What you will do: Report only how many lines below include "units".

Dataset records
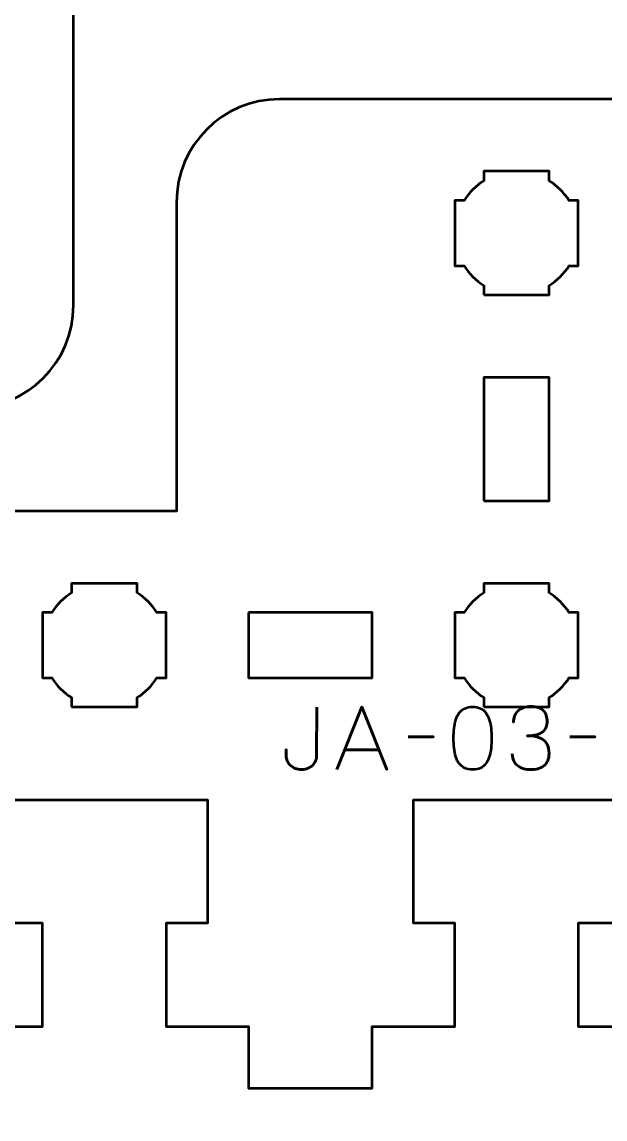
# Model space of a CAD drawing. Header units: centimetres. Extents: x -21 to 0, y -29.7 to 0.
# Drawn here: x -11 to -8.17, y -10.65 to -5.32 of the extents above; entities that cross this region are included whole.
import ezdxf

# ---------------------------------------------------------------- set-up
doc = ezdxf.new("R2010")
doc.units = ezdxf.units.CM
doc.header["$MEASUREMENT"] = 0
doc.layers.add('Layer 1', color=7, linetype='Continuous')

msp = doc.modelspace()

# ---------------------------------------------------------------- linework, layer by layer
at = {"layer": 'Layer 1', "color": 1, "lineweight": 53}
msp.add_open_spline([(-21.00003, -29.19995), (-21.00003, -29.19995), (-21.00003, -3.49992), (-21.00003, -3.49992), (-21.00003, -3.49992), (-21.00003, -3.41709), (-20.93286, -3.34992), (-20.85003, -3.34992), (-20.85003, -3.34992), (-20.7672, -3.34992), (-20.70003, -3.28275), (-20.70003, -3.19992), (-20.70003, -3.19992), (-20.70003, -3.11709), (-20.7672, -3.04992), (-20.85003, -3.04992), (-20.85003, -3.04992), (-20.93286, -3.04992), (-21.00003, -2.98275), (-21.00003, -2.89992), (-21.00003, -2.89992), (-21.00003, -2.81709), (-20.93286, -2.74992), (-20.85003, -2.74992), (-20.85003, -2.74992), (-20.7672, -2.74992), (-20.70003, -2.68275), (-20.70003, -2.59992), (-20.70003, -2.59992), (-20.70003, -2.51709), (-20.7672, -2.44992), (-20.85003, -2.44992), (-20.85003, -2.44992), (-20.93286, -2.44992), (-21.00003, -2.38275), (-21.00003, -2.29992), (-21.00003, -2.29992), (-21.00003, -2.21709), (-20.93286, -2.14992), (-20.85003, -2.14992), (-20.85003, -2.14992), (-20.7672, -2.14992), (-20.70003, -2.08275), (-20.70003, -1.99992), (-20.70003, -1.99992), (-20.70003, -1.91709), (-20.7672, -1.84992), (-20.85003, -1.84992), (-20.85003, -1.84992), (-20.93286, -1.84992), (-21.00003, -1.78275), (-21.00003, -1.69992), (-21.00003, -1.69992), (-21.00003, -1.61709), (-20.93286, -1.54992), (-20.85003, -1.54992), (-20.85003, -1.54992), (-20.7672, -1.54992), (-20.70003, -1.48275), (-20.70003, -1.39992), (-20.70003, -1.39992), (-20.70003, -1.31709), (-20.7672, -1.24992), (-20.85003, -1.24992), (-20.85003, -1.24992), (-20.93286, -1.24992), (-21.00003, -1.18275), (-21.00003, -1.09992), (-21.00003, -1.09992), (-21.00003, -1.09992), (-21.00003, -0.49992), (-21.00003, -0.49992), (-21.00003, -0.49992), (-21.00003, -0.22295), (-20.77694, 0.00004), (-20.49994, 0.00004), (-20.49994, 0.00004), (-20.49994, 0.00004), (-0.50008, 0.00004), (-0.50008, 0.00004), (-0.50008, 0.00004), (-0.22294, 0.00004), (0.00002, -0.22295), (0.00002, -0.49992), (0.00002, -0.49992), (0.00002, -0.49992), (0.00002, -29.19995), (0.00002, -29.19995), (0.00002, -29.19995), (0.00002, -29.47695), (-0.22294, -29.70004), (-0.50008, -29.70004), (-0.50008, -29.70004), (-0.50008, -29.70004), (-20.49994, -29.70004), (-20.49994, -29.70004), (-20.49994, -29.70004), (-20.77694, -29.70004), (-21.00003, -29.47695), (-21.00003, -29.19995)], degree=3, knots=[0, 0, 0, 0, 0.04, 0.04, 0.04, 0.04, 0.08, 0.08, 0.08, 0.08, 0.12, 0.12, 0.12, 0.12, 0.16, 0.16, 0.16, 0.16, 0.2, 0.2, 0.2, 0.2, 0.24, 0.24, 0.24, 0.24, 0.28, 0.28, 0.28, 0.28, 0.32, 0.32, 0.32, 0.32, 0.36, 0.36, 0.36, 0.36, 0.4, 0.4, 0.4, 0.4, 0.44, 0.44, 0.44, 0.44, 0.48, 0.48, 0.48, 0.48, 0.52, 0.52, 0.52, 0.52, 0.56, 0.56, 0.56, 0.56, 0.6, 0.6, 0.6, 0.6, 0.64, 0.64, 0.64, 0.64, 0.68, 0.68, 0.68, 0.68, 0.72, 0.72, 0.72, 0.72, 0.76, 0.76, 0.76, 0.76, 0.8, 0.8, 0.8, 0.8, 0.84, 0.84, 0.84, 0.84, 0.88, 0.88, 0.88, 0.88, 0.92, 0.92, 0.92, 0.92, 0.96, 0.96, 0.96, 0.96, 1, 1, 1, 1], dxfattribs=at)
at = {"layer": 'Layer 1', "lineweight": 53}
for points, knots in [([(-11.24995, -7.19999), (-10.97386, -7.19999), (-10.74995, -6.97608), (-10.74995, -6.69999), (-10.74995, -6.69999), (-10.74995, -6.69999), (-10.74995, -5.19999), (-10.74995, -5.19999), (-10.74995, -5.19999), (-10.74995, -5.19999), (-9.5999, -5.19999), (-9.5999, -5.19999), (-9.5999, -5.19999), (-9.32674, -5.19999), (-9.10468, -4.98079), (-9.1, -4.70874), (-9.1, -4.70874), (-9.1, -4.70874), (-9.6999, -4.70874), (-9.6999, -4.70874), (-9.6999, -4.70874), (-9.6999, -4.70874), (-9.6999, -4.39124), (-9.6999, -4.39124), (-9.6999, -4.39124), (-9.6999, -4.39124), (-9.10182, -4.39124), (-9.10182, -4.39124), (-9.10182, -4.39124), (-9.10182, -4.39124), (-9.1124, -2.39999), (-9.1124, -2.39999), (-9.1124, -2.39999), (-9.1124, -2.39999), (-9.6999, -2.39999), (-9.6999, -2.39999), (-9.6999, -2.39999), (-9.6999, -2.39999), (-9.6999, -2.69999), (-9.6999, -2.69999), (-9.6999, -2.69999), (-9.6999, -2.69999), (-10.09991, -2.69999), (-10.09991, -2.69999), (-10.09991, -2.69999), (-10.09991, -2.69999), (-10.09991, -3.19999), (-10.09991, -3.19999), (-10.09991, -3.19999), (-10.09991, -3.19999), (-9.89991, -3.2), (-9.89991, -3.2), (-9.89991, -3.2), (-9.89991, -3.2), (-9.89991, -3.79999), (-9.89991, -3.79999), (-9.89991, -3.79999), (-10.28324, -3.79999), (-10.51659, -3.79999), (-10.89992, -3.79999), (-10.89992, -3.79999), (-10.89992, -3.79999), (-10.89992, -3.2), (-10.89992, -3.2), (-10.89992, -3.2), (-10.89992, -3.2), (-10.69992, -3.19999), (-10.69992, -3.19999), (-10.69992, -3.19999), (-10.69992, -3.19999), (-10.69992, -2.69998), (-10.69992, -2.69998), (-10.69992, -2.69998), (-10.69992, -2.69998), (-11.09993, -2.69999), (-11.09993, -2.69999), (-11.09993, -2.69999), (-11.09993, -2.69999), (-11.09993, -2.39999), (-11.09993, -2.39999), (-11.09993, -2.39999), (-11.09993, -2.39999), (-11.69994, -2.39999), (-11.69994, -2.39999), (-11.69994, -2.39999), (-11.69994, -2.39999), (-11.69994, -2.69999), (-11.69994, -2.69999), (-11.69994, -2.69999), (-11.69994, -2.69999), (-12.09994, -2.69999), (-12.09994, -2.69999), (-12.09994, -2.69999), (-12.09994, -2.69999), (-12.09994, -3.19999), (-12.09994, -3.19999), (-12.09994, -3.19999), (-12.09994, -3.19999), (-11.89994, -3.2), (-11.89994, -3.2), (-11.89994, -3.2), (-11.89994, -3.2), (-11.89994, -3.79999), (-11.89994, -3.79999), (-11.89994, -3.79999), (-12.28328, -3.79999), (-12.51662, -3.79999), (-12.89996, -3.79999), (-12.89996, -3.79999), (-12.89996, -3.79999), (-12.89996, -3.2), (-12.89996, -3.2), (-12.89996, -3.2), (-12.89996, -3.2), (-12.69996, -3.19999), (-12.69996, -3.19999), (-12.69996, -3.19999), (-12.69996, -3.19999), (-12.69996, -2.69998), (-12.69996, -2.69998), (-12.69996, -2.69998), (-12.69996, -2.69998), (-13.09996, -2.69999), (-13.09996, -2.69999), (-13.09996, -2.69999), (-13.09996, -2.69999), (-13.09996, -2.39999), (-13.09996, -2.39999), (-13.09996, -2.39999), (-13.09996, -2.39999), (-13.69997, -2.39999), (-13.69997, -2.39999), (-13.69997, -2.39999), (-13.69997, -2.39999), (-13.69997, -2.69999), (-13.69997, -2.69999), (-13.69997, -2.69999), (-13.69997, -2.69999), (-14.09998, -2.69999), (-14.09998, -2.69999), (-14.09998, -2.69999), (-14.09998, -2.69999), (-14.09998, -3.19999), (-14.09998, -3.19999), (-14.09998, -3.19999), (-14.09998, -3.19999), (-13.89998, -3.2), (-13.89998, -3.2), (-13.89998, -3.2), (-13.89998, -3.2), (-13.89998, -3.79999), (-13.89998, -3.79999), (-13.89998, -3.79999), (-14.28331, -3.79999), (-14.51666, -3.79999), (-14.89999, -3.79999), (-14.89999, -3.79999), (-14.89999, -3.79999), (-14.89999, -3.2), (-14.89999, -3.2), (-14.89999, -3.2), (-14.89999, -3.2), (-14.69999, -3.19999), (-14.69999, -3.19999), (-14.69999, -3.19999), (-14.69999, -3.19999), (-14.69999, -2.69998), (-14.69999, -2.69998), (-14.69999, -2.69998), (-14.69999, -2.69998), (-15.1, -2.69999), (-15.1, -2.69999), (-15.1, -2.69999), (-15.1, -2.69999), (-15.1, -2.39999), (-15.1, -2.39999), (-15.1, -2.39999), (-15.1, -2.39999), (-15.70001, -2.39999), (-15.70001, -2.39999), (-15.70001, -2.39999), (-15.70001, -2.39999), (-15.70001, -2.69999), (-15.70001, -2.69999), (-15.70001, -2.69999), (-15.70001, -2.69999), (-15.70001, -2.69998), (-15.70001, -2.69998), (-15.70001, -2.69998), (-15.70001, -2.69998), (-15.70001, -4.39124), (-15.70001, -4.39124), (-15.70001, -4.39124), (-15.70001, -4.39124), (-15.1, -4.39124), (-15.1, -4.39124), (-15.1, -4.39124), (-15.1, -4.39124), (-15.1, -4.70874), (-15.1, -4.70874), (-15.1, -4.70874), (-15.1, -4.70874), (-15.6999, -4.70874), (-15.6999, -4.70874), (-15.6999, -4.70874), (-15.69522, -4.98079), (-15.47316, -5.19999), (-15.2, -5.19999), (-15.2, -5.19999), (-15.2, -5.19999), (-14.04995, -5.19999), (-14.04995, -5.19999), (-14.04995, -5.19999), (-14.04995, -5.19999), (-14.04995, -6.69999), (-14.04995, -6.69999), (-14.04995, -6.69999), (-14.04995, -6.97608), (-13.82604, -7.19999), (-13.54995, -7.19999)], [0, 0, 0, 0, 0.0181818, 0.0181818, 0.0181818, 0.0181818, 0.0363636, 0.0363636, 0.0363636, 0.0363636, 0.0545455, 0.0545455, 0.0545455, 0.0545455, 0.0727273, 0.0727273, 0.0727273, 0.0727273, 0.0909091, 0.0909091, 0.0909091, 0.0909091, 0.1090909, 0.1090909, 0.1090909, 0.1090909, 0.1272727, 0.1272727, 0.1272727, 0.1272727, 0.1454545, 0.1454545, 0.1454545, 0.1454545, 0.1636364, 0.1636364, 0.1636364, 0.1636364, 0.1818182, 0.1818182, 0.1818182, 0.1818182, 0.2, 0.2, 0.2, 0.2, 0.2181818, 0.2181818, 0.2181818, 0.2181818, 0.2363636, 0.2363636, 0.2363636, 0.2363636, 0.2545455, 0.2545455, 0.2545455, 0.2545455, 0.2727273, 0.2727273, 0.2727273, 0.2727273, 0.2909091, 0.2909091, 0.2909091, 0.2909091, 0.3090909, 0.3090909, 0.3090909, 0.3090909, 0.3272727, 0.3272727, 0.3272727, 0.3272727, 0.3454545, 0.3454545, 0.3454545, 0.3454545, 0.3636364, 0.3636364, 0.3636364, 0.3636364, 0.3818182, 0.3818182, 0.3818182, 0.3818182, 0.4, 0.4, 0.4, 0.4, 0.4181818, 0.4181818, 0.4181818, 0.4181818, 0.4363636, 0.4363636, 0.4363636, 0.4363636, 0.4545455, 0.4545455, 0.4545455, 0.4545455, 0.4727273, 0.4727273, 0.4727273, 0.4727273, 0.4909091, 0.4909091, 0.4909091, 0.4909091, 0.5090909, 0.5090909, 0.5090909, 0.5090909, 0.5272727, 0.5272727, 0.5272727, 0.5272727, 0.5454545, 0.5454545, 0.5454545, 0.5454545, 0.5636364, 0.5636364, 0.5636364, 0.5636364, 0.5818182, 0.5818182, 0.5818182, 0.5818182, 0.6, 0.6, 0.6, 0.6, 0.6181818, 0.6181818, 0.6181818, 0.6181818, 0.6363636, 0.6363636, 0.6363636, 0.6363636, 0.6545455, 0.6545455, 0.6545455, 0.6545455, 0.6727273, 0.6727273, 0.6727273, 0.6727273, 0.6909091, 0.6909091, 0.6909091, 0.6909091, 0.7090909, 0.7090909, 0.7090909, 0.7090909, 0.7272727, 0.7272727, 0.7272727, 0.7272727, 0.7454545, 0.7454545, 0.7454545, 0.7454545, 0.7636364, 0.7636364, 0.7636364, 0.7636364, 0.7818182, 0.7818182, 0.7818182, 0.7818182, 0.8, 0.8, 0.8, 0.8, 0.8181818, 0.8181818, 0.8181818, 0.8181818, 0.8363636, 0.8363636, 0.8363636, 0.8363636, 0.8545455, 0.8545455, 0.8545455, 0.8545455, 0.8727273, 0.8727273, 0.8727273, 0.8727273, 0.8909091, 0.8909091, 0.8909091, 0.8909091, 0.9090909, 0.9090909, 0.9090909, 0.9090909, 0.9272727, 0.9272727, 0.9272727, 0.9272727, 0.9454545, 0.9454545, 0.9454545, 0.9454545, 0.9636364, 0.9636364, 0.9636364, 0.9636364, 0.9818182, 0.9818182, 0.9818182, 0.9818182, 1, 1, 1, 1]), ([(-9.75005, -5.70001), (-10.02614, -5.70001), (-10.25005, -5.92392), (-10.25005, -6.20001), (-10.25005, -6.20001), (-10.25005, -6.20001), (-10.25005, -7.70001), (-10.25005, -7.70001), (-10.25005, -7.70001), (-10.25005, -7.70001), (-11.4001, -7.70001), (-11.4001, -7.70001), (-11.4001, -7.70001), (-11.67326, -7.70001), (-11.89532, -7.91921), (-11.9, -8.19126), (-11.9, -8.19126), (-11.9, -8.19126), (-11.3001, -8.19126), (-11.3001, -8.19126), (-11.3001, -8.19126), (-11.3001, -8.19126), (-11.3001, -8.50876), (-11.3001, -8.50876), (-11.3001, -8.50876), (-11.3001, -8.50876), (-11.89818, -8.50876), (-11.89818, -8.50876), (-11.89818, -8.50876), (-11.89818, -8.50876), (-11.8876, -10.50001), (-11.8876, -10.50001), (-11.8876, -10.50001), (-11.8876, -10.50001), (-11.3001, -10.50001), (-11.3001, -10.50001), (-11.3001, -10.50001), (-11.3001, -10.50001), (-11.3001, -10.20001), (-11.3001, -10.20001), (-11.3001, -10.20001), (-11.3001, -10.20001), (-10.90009, -10.20001), (-10.90009, -10.20001), (-10.90009, -10.20001), (-10.90009, -10.20001), (-10.90009, -9.70001), (-10.90009, -9.70001), (-10.90009, -9.70001), (-10.90009, -9.70001), (-11.10009, -9.7), (-11.10009, -9.7), (-11.10009, -9.7), (-11.10009, -9.7), (-11.10009, -9.10001), (-11.10009, -9.10001), (-11.10009, -9.10001), (-10.71676, -9.10001), (-10.48341, -9.10001), (-10.10008, -9.10001), (-10.10008, -9.10001), (-10.10008, -9.10001), (-10.10008, -9.7), (-10.10008, -9.7), (-10.10008, -9.7), (-10.10008, -9.7), (-10.30008, -9.70001), (-10.30008, -9.70001), (-10.30008, -9.70001), (-10.30008, -9.70001), (-10.30008, -10.20002), (-10.30008, -10.20002), (-10.30008, -10.20002), (-10.30008, -10.20002), (-9.90007, -10.20001), (-9.90007, -10.20001), (-9.90007, -10.20001), (-9.90007, -10.20001), (-9.90007, -10.50001), (-9.90007, -10.50001), (-9.90007, -10.50001), (-9.90007, -10.50001), (-9.30006, -10.50001), (-9.30006, -10.50001), (-9.30006, -10.50001), (-9.30006, -10.50001), (-9.30006, -10.20001), (-9.30006, -10.20001), (-9.30006, -10.20001), (-9.30006, -10.20001), (-8.90006, -10.20001), (-8.90006, -10.20001), (-8.90006, -10.20001), (-8.90006, -10.20001), (-8.90006, -9.70001), (-8.90006, -9.70001), (-8.90006, -9.70001), (-8.90006, -9.70001), (-9.10006, -9.7), (-9.10006, -9.7), (-9.10006, -9.7), (-9.10006, -9.7), (-9.10006, -9.10001), (-9.10006, -9.10001), (-9.10006, -9.10001), (-8.71672, -9.10001), (-8.48338, -9.10001), (-8.10004, -9.10001), (-8.10004, -9.10001), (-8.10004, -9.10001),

Answer space: 2